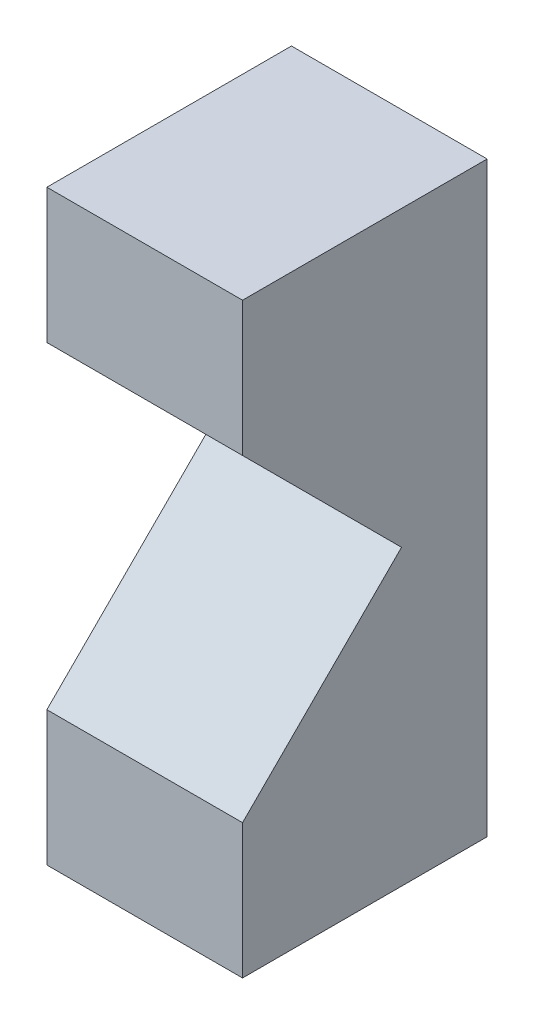
ISO-10303-21;
HEADER;
FILE_DESCRIPTION(('STEP AP214'),'2;1');
FILE_NAME('part.step','',(''),(''),'','','');
FILE_SCHEMA(('AUTOMOTIVE_DESIGN { 1 0 10303 214 1 1 1 1 }'));
ENDSEC;
DATA;
#1=APPLICATION_CONTEXT('core data for automotive mechanical design processes');
#2=APPLICATION_PROTOCOL_DEFINITION('international standard','automotive_design',2000,#1);
#3=PRODUCT_CONTEXT('',#1,'mechanical');
#4=PRODUCT('Part','Part','',(#3));
#5=PRODUCT_RELATED_PRODUCT_CATEGORY('part','',(#4));
#6=PRODUCT_DEFINITION_FORMATION('','',#4);
#7=PRODUCT_DEFINITION_CONTEXT('part definition',#1,'design');
#8=PRODUCT_DEFINITION('design','',#6,#7);
#9=PRODUCT_DEFINITION_SHAPE('','',#8);
#10=(LENGTH_UNIT() NAMED_UNIT(*) SI_UNIT(.MILLI.,.METRE.));
#11=(NAMED_UNIT(*) PLANE_ANGLE_UNIT() SI_UNIT($,.RADIAN.));
#12=(NAMED_UNIT(*) SI_UNIT($,.STERADIAN.) SOLID_ANGLE_UNIT());
#13=UNCERTAINTY_MEASURE_WITH_UNIT(LENGTH_MEASURE(1.E-05),#10,'distance_accuracy_value','');
#14=(GEOMETRIC_REPRESENTATION_CONTEXT(3) GLOBAL_UNCERTAINTY_ASSIGNED_CONTEXT((#13)) GLOBAL_UNIT_ASSIGNED_CONTEXT((#10,
#11,#12)) REPRESENTATION_CONTEXT('',''));
#15=CARTESIAN_POINT('',(0.,0.,0.));
#16=DIRECTION('',(0.,0.,1.));
#17=DIRECTION('',(1.,0.,0.));
#18=AXIS2_PLACEMENT_3D('',#15,#16,#17);
#19=CARTESIAN_POINT('',(12.7,19.05,0.));
#20=DIRECTION('',(0.,0.,-1.));
#21=DIRECTION('',(0.,1.,0.));
#22=AXIS2_PLACEMENT_3D('',#19,#20,#21);
#23=PLANE('',#22);
#24=DIRECTION('',(0.,-1.,0.));
#25=VECTOR('',#24,1.);
#26=CARTESIAN_POINT('',(0.,19.05,0.));
#27=LINE('',#26,#25);
#28=CARTESIAN_POINT('',(0.,19.05,0.));
#29=VERTEX_POINT('',#28);
#30=CARTESIAN_POINT('',(0.,10.31875,0.));
#31=VERTEX_POINT('',#30);
#32=EDGE_CURVE('E123',#29,#31,#27,.T.);
#33=ORIENTED_EDGE('',*,*,#32,.T.);
#34=DIRECTION('',(-1.,0.,0.));
#35=VECTOR('',#34,1.);
#36=CARTESIAN_POINT('',(12.7,10.31875,0.));
#37=LINE('',#36,#35);
#38=CARTESIAN_POINT('',(12.7,10.31875,0.));
#39=VERTEX_POINT('',#38);
#40=EDGE_CURVE('E11',#39,#31,#37,.T.);
#41=ORIENTED_EDGE('',*,*,#40,.F.);
#42=DIRECTION('',(0.,-1.,0.));
#43=VECTOR('',#42,1.);
#44=CARTESIAN_POINT('',(12.7,19.05,0.));
#45=LINE('',#44,#43);
#46=CARTESIAN_POINT('',(12.7,19.05,0.));
#47=VERTEX_POINT('',#46);
#48=EDGE_CURVE('E135',#47,#39,#45,.T.);
#49=ORIENTED_EDGE('',*,*,#48,.F.);
#50=DIRECTION('',(-1.,0.,0.));
#51=VECTOR('',#50,1.);
#52=CARTESIAN_POINT('',(12.7,19.05,0.));
#53=LINE('',#52,#51);
#54=EDGE_CURVE('E119',#47,#29,#53,.T.);
#55=ORIENTED_EDGE('',*,*,#54,.T.);
#56=EDGE_LOOP('',(#33,#41,#49,#55));
#57=FACE_BOUND('',#56,.T.);
#58=ADVANCED_FACE('F33',(#57),#23,.F.);
#59=CARTESIAN_POINT('',(12.7,10.31875,0.));
#60=DIRECTION('',(0.,0.707106781186548,-0.707106781186548));
#61=DIRECTION('',(0.,0.707106781186548,0.707106781186548));
#62=AXIS2_PLACEMENT_3D('',#59,#60,#61);
#63=PLANE('',#62);
#64=DIRECTION('',(0.,-0.707106781186548,-0.707106781186548));
#65=VECTOR('',#64,1.);
#66=CARTESIAN_POINT('',(0.,10.31875,0.));
#67=LINE('',#66,#65);
#68=CARTESIAN_POINT('',(0.,0.,-10.31875));
#69=VERTEX_POINT('',#68);
#70=EDGE_CURVE('E126',#31,#69,#67,.T.);
#71=ORIENTED_EDGE('',*,*,#70,.T.);
#72=DIRECTION('',(-1.,0.,0.));
#73=VECTOR('',#72,1.);
#74=CARTESIAN_POINT('',(12.7,0.,-10.31875));
#75=LINE('',#74,#73);
#76=CARTESIAN_POINT('',(12.7,0.,-10.31875));
#77=VERTEX_POINT('',#76);
#78=EDGE_CURVE('E41',#77,#69,#75,.T.);
#79=ORIENTED_EDGE('',*,*,#78,.F.);
#80=DIRECTION('',(0.,-0.707106781186548,-0.707106781186548));
#81=VECTOR('',#80,1.);
#82=CARTESIAN_POINT('',(12.7,10.31875,0.));
#83=LINE('',#82,#81);
#84=EDGE_CURVE('E89',#39,#77,#83,.T.);
#85=ORIENTED_EDGE('',*,*,#84,.F.);
#86=ORIENTED_EDGE('',*,*,#40,.T.);
#87=EDGE_LOOP('',(#71,#79,#85,#86));
#88=FACE_BOUND('',#87,.T.);
#89=ADVANCED_FACE('F160',(#88),#63,.F.);
#90=CARTESIAN_POINT('',(12.7,0.,-10.31875));
#91=DIRECTION('',(0.,-0.707106781186548,-0.707106781186548));
#92=DIRECTION('',(0.,0.707106781186548,-0.707106781186548));
#93=AXIS2_PLACEMENT_3D('',#90,#91,#92);
#94=PLANE('',#93);
#95=DIRECTION('',(0.,-0.707106781186548,0.707106781186548));
#96=VECTOR('',#95,1.);
#97=CARTESIAN_POINT('',(0.,0.,-10.31875));
#98=LINE('',#97,#96);
#99=CARTESIAN_POINT('',(0.,-10.31875,0.));
#100=VERTEX_POINT('',#99);
#101=EDGE_CURVE('E128',#69,#100,#98,.T.);
#102=ORIENTED_EDGE('',*,*,#101,.T.);
#103=DIRECTION('',(-1.,0.,0.));
#104=VECTOR('',#103,1.);
#105=CARTESIAN_POINT('',(12.7,-10.31875,0.));
#106=LINE('',#105,#104);
#107=CARTESIAN_POINT('',(12.7,-10.31875,0.));
#108=VERTEX_POINT('',#107);
#109=EDGE_CURVE('E139',#108,#100,#106,.T.);
#110=ORIENTED_EDGE('',*,*,#109,.F.);
#111=DIRECTION('',(0.,-0.707106781186548,0.707106781186548));
#112=VECTOR('',#111,1.);
#113=CARTESIAN_POINT('',(12.7,0.,-10.31875));
#114=LINE('',#113,#112);
#115=EDGE_CURVE('E147',#77,#108,#114,.T.);
#116=ORIENTED_EDGE('',*,*,#115,.F.);
#117=ORIENTED_EDGE('',*,*,#78,.T.);
#118=EDGE_LOOP('',(#102,#110,#116,#117));
#119=FACE_BOUND('',#118,.T.);
#120=ADVANCED_FACE('F145',(#119),#94,.F.);
#121=CARTESIAN_POINT('',(12.7,-10.31875,0.));
#122=DIRECTION('',(0.,0.,-1.));
#123=DIRECTION('',(0.,1.,0.));
#124=AXIS2_PLACEMENT_3D('',#121,#122,#123);
#125=PLANE('',#124);
#126=DIRECTION('',(0.,-1.,0.));
#127=VECTOR('',#126,1.);
#128=CARTESIAN_POINT('',(0.,-10.31875,0.));
#129=LINE('',#128,#127);
#130=CARTESIAN_POINT('',(0.,-19.05,0.));
#131=VERTEX_POINT('',#130);
#132=EDGE_CURVE('E130',#100,#131,#129,.T.);
#133=ORIENTED_EDGE('',*,*,#132,.T.);
#134=DIRECTION('',(-1.,0.,0.));
#135=VECTOR('',#134,1.);
#136=CARTESIAN_POINT('',(12.7,-19.05,0.));
#137=LINE('',#136,#135);
#138=CARTESIAN_POINT('',(12.7,-19.05,0.));
#139=VERTEX_POINT('',#138);
#140=EDGE_CURVE('E114',#139,#131,#137,.T.);
#141=ORIENTED_EDGE('',*,*,#140,.F.);
#142=DIRECTION('',(0.,-1.,0.));
#143=VECTOR('',#142,1.);
#144=CARTESIAN_POINT('',(12.7,-10.31875,0.));
#145=LINE('',#144,#143);
#146=EDGE_CURVE('E105',#108,#139,#145,.T.);
#147=ORIENTED_EDGE('',*,*,#146,.F.);
#148=ORIENTED_EDGE('',*,*,#109,.T.);
#149=EDGE_LOOP('',(#133,#141,#147,#148));
#150=FACE_BOUND('',#149,.T.);
#151=ADVANCED_FACE('F153',(#150),#125,.F.);
#152=CARTESIAN_POINT('',(12.7,-19.05,0.));
#153=DIRECTION('',(0.,1.,0.));
#154=DIRECTION('',(0.,0.,1.));
#155=AXIS2_PLACEMENT_3D('',#152,#153,#154);
#156=PLANE('',#155);
#157=DIRECTION('',(0.,0.,-1.));
#158=VECTOR('',#157,1.);
#159=CARTESIAN_POINT('',(0.,-19.05,0.));
#160=LINE('',#159,#158);
#161=CARTESIAN_POINT('',(0.,-19.05,-15.875));
#162=VERTEX_POINT('',#161);
#163=EDGE_CURVE('E113',#131,#162,#160,.T.);
#164=ORIENTED_EDGE('',*,*,#163,.T.);
#165=DIRECTION('',(-1.,0.,0.));
#166=VECTOR('',#165,1.);
#167=CARTESIAN_POINT('',(12.7,-19.05,-15.875));
#168=LINE('',#167,#166);
#169=CARTESIAN_POINT('',(12.7,-19.05,-15.875));
#170=VERTEX_POINT('',#169);
#171=EDGE_CURVE('E110',#170,#162,#168,.T.);
#172=ORIENTED_EDGE('',*,*,#171,.F.);
#173=DIRECTION('',(0.,0.,-1.));
#174=VECTOR('',#173,1.);
#175=CARTESIAN_POINT('',(12.7,-19.05,0.));
#176=LINE('',#175,#174);
#177=EDGE_CURVE('E99',#139,#170,#176,.T.);
#178=ORIENTED_EDGE('',*,*,#177,.F.);
#179=ORIENTED_EDGE('',*,*,#140,.T.);
#180=EDGE_LOOP('',(#164,#172,#178,#179));
#181=FACE_BOUND('',#180,.T.);
#182=ADVANCED_FACE('F111',(#181),#156,.F.);
#183=CARTESIAN_POINT('',(12.7,-19.05,-15.875));
#184=DIRECTION('',(0.,0.,1.));
#185=DIRECTION('',(1.,0.,0.));
#186=AXIS2_PLACEMENT_3D('',#183,#184,#185);
#187=PLANE('',#186);
#188=DIRECTION('',(0.,1.,0.));
#189=VECTOR('',#188,1.);
#190=CARTESIAN_POINT('',(0.,-19.05,-15.875));
#191=LINE('',#190,#189);
#192=CARTESIAN_POINT('',(0.,19.05,-15.875));
#193=VERTEX_POINT('',#192);
#194=EDGE_CURVE('E75',#162,#193,#191,.T.);
#195=ORIENTED_EDGE('',*,*,#194,.T.);
#196=DIRECTION('',(-1.,0.,0.));
#197=VECTOR('',#196,1.);
#198=CARTESIAN_POINT('',(12.7,19.05,-15.875));
#199=LINE('',#198,#197);
#200=CARTESIAN_POINT('',(12.7,19.05,-15.875));
#201=VERTEX_POINT('',#200);
#202=EDGE_CURVE('E115',#201,#193,#199,.T.);
#203=ORIENTED_EDGE('',*,*,#202,.F.);
#204=DIRECTION('',(0.,1.,0.));
#205=VECTOR('',#204,1.);
#206=CARTESIAN_POINT('',(12.7,-19.05,-15.875));
#207=LINE('',#206,#205);
#208=EDGE_CURVE('E103',#170,#201,#207,.T.);
#209=ORIENTED_EDGE('',*,*,#208,.F.);
#210=ORIENTED_EDGE('',*,*,#171,.T.);
#211=EDGE_LOOP('',(#195,#203,#209,#210));
#212=FACE_BOUND('',#211,.T.);
#213=ADVANCED_FACE('F117',(#212),#187,.F.);
#214=CARTESIAN_POINT('',(12.7,19.05,-15.875));
#215=DIRECTION('',(0.,-1.,0.));
#216=DIRECTION('',(0.,0.,-1.));
#217=AXIS2_PLACEMENT_3D('',#214,#215,#216);
#218=PLANE('',#217);
#219=DIRECTION('',(0.,0.,1.));
#220=VECTOR('',#219,1.);
#221=CARTESIAN_POINT('',(0.,19.05,-15.875));
#222=LINE('',#221,#220);
#223=EDGE_CURVE('E81',#193,#29,#222,.T.);
#224=ORIENTED_EDGE('',*,*,#223,.T.);
#225=ORIENTED_EDGE('',*,*,#54,.F.);
#226=DIRECTION('',(0.,0.,1.));
#227=VECTOR('',#226,1.);
#228=CARTESIAN_POINT('',(12.7,19.05,-15.875));
#229=LINE('',#228,#227);
#230=EDGE_CURVE('E49',#201,#47,#229,.T.);
#231=ORIENTED_EDGE('',*,*,#230,.F.);
#232=ORIENTED_EDGE('',*,*,#202,.T.);
#233=EDGE_LOOP('',(#224,#225,#231,#232));
#234=FACE_BOUND('',#233,.T.);
#235=ADVANCED_FACE('F174',(#234),#218,.F.);
#236=CARTESIAN_POINT('',(12.7,0.,0.));
#237=DIRECTION('',(1.,0.,0.));
#238=DIRECTION('',(0.,0.,-1.));
#239=AXIS2_PLACEMENT_3D('',#236,#237,#238);
#240=PLANE('',#239);
#241=ORIENTED_EDGE('',*,*,#48,.T.);
#242=ORIENTED_EDGE('',*,*,#84,.T.);
#243=ORIENTED_EDGE('',*,*,#115,.T.);
#244=ORIENTED_EDGE('',*,*,#146,.T.);
#245=ORIENTED_EDGE('',*,*,#177,.T.);
#246=ORIENTED_EDGE('',*,*,#208,.T.);
#247=ORIENTED_EDGE('',*,*,#230,.T.);
#248=EDGE_LOOP('',(#241,#242,#243,#244,#245,#246,#247));
#249=FACE_BOUND('',#248,.T.);
#250=ADVANCED_FACE('F101',(#249),#240,.T.);
#251=CARTESIAN_POINT('',(0.,0.,0.));
#252=DIRECTION('',(1.,0.,0.));
#253=DIRECTION('',(0.,0.,-1.));
#254=AXIS2_PLACEMENT_3D('',#251,#252,#253);
#255=PLANE('',#254);
#256=ORIENTED_EDGE('',*,*,#32,.F.);
#257=ORIENTED_EDGE('',*,*,#223,.F.);
#258=ORIENTED_EDGE('',*,*,#194,.F.);
#259=ORIENTED_EDGE('',*,*,#163,.F.);
#260=ORIENTED_EDGE('',*,*,#132,.F.);
#261=ORIENTED_EDGE('',*,*,#101,.F.);
#262=ORIENTED_EDGE('',*,*,#70,.F.);
#263=EDGE_LOOP('',(#256,#257,#258,#259,#260,#261,#262));
#264=FACE_BOUND('',#263,.T.);
#265=ADVANCED_FACE('F151',(#264),#255,.F.);
#266=CLOSED_SHELL('',(#58,#89,#120,#151,#182,#213,#235,#250,#265));
#267=MANIFOLD_SOLID_BREP('B2',#266);
#268=ADVANCED_BREP_SHAPE_REPRESENTATION('',(#18,#267),#14);
#269=SHAPE_DEFINITION_REPRESENTATION(#9,#268);
ENDSEC;
END-ISO-10303-21;

========================================

→ **Task description**
Exactly as written, repeat the lines of the material above from the first through the line holding "#6=PRODUCT_DEFINITION_FORMATION('','',#4);", with both ends in the copy and no pictures.

→ **Answer below**
ISO-10303-21;
HEADER;
FILE_DESCRIPTION(('STEP AP214'),'2;1');
FILE_NAME('part.step','',(''),(''),'','','');
FILE_SCHEMA(('AUTOMOTIVE_DESIGN { 1 0 10303 214 1 1 1 1 }'));
ENDSEC;
DATA;
#1=APPLICATION_CONTEXT('core data for automotive mechanical design processes');
#2=APPLICATION_PROTOCOL_DEFINITION('international standard','automotive_design',2000,#1);
#3=PRODUCT_CONTEXT('',#1,'mechanical');
#4=PRODUCT('Part','Part','',(#3));
#5=PRODUCT_RELATED_PRODUCT_CATEGORY('part','',(#4));
#6=PRODUCT_DEFINITION_FORMATION('','',#4);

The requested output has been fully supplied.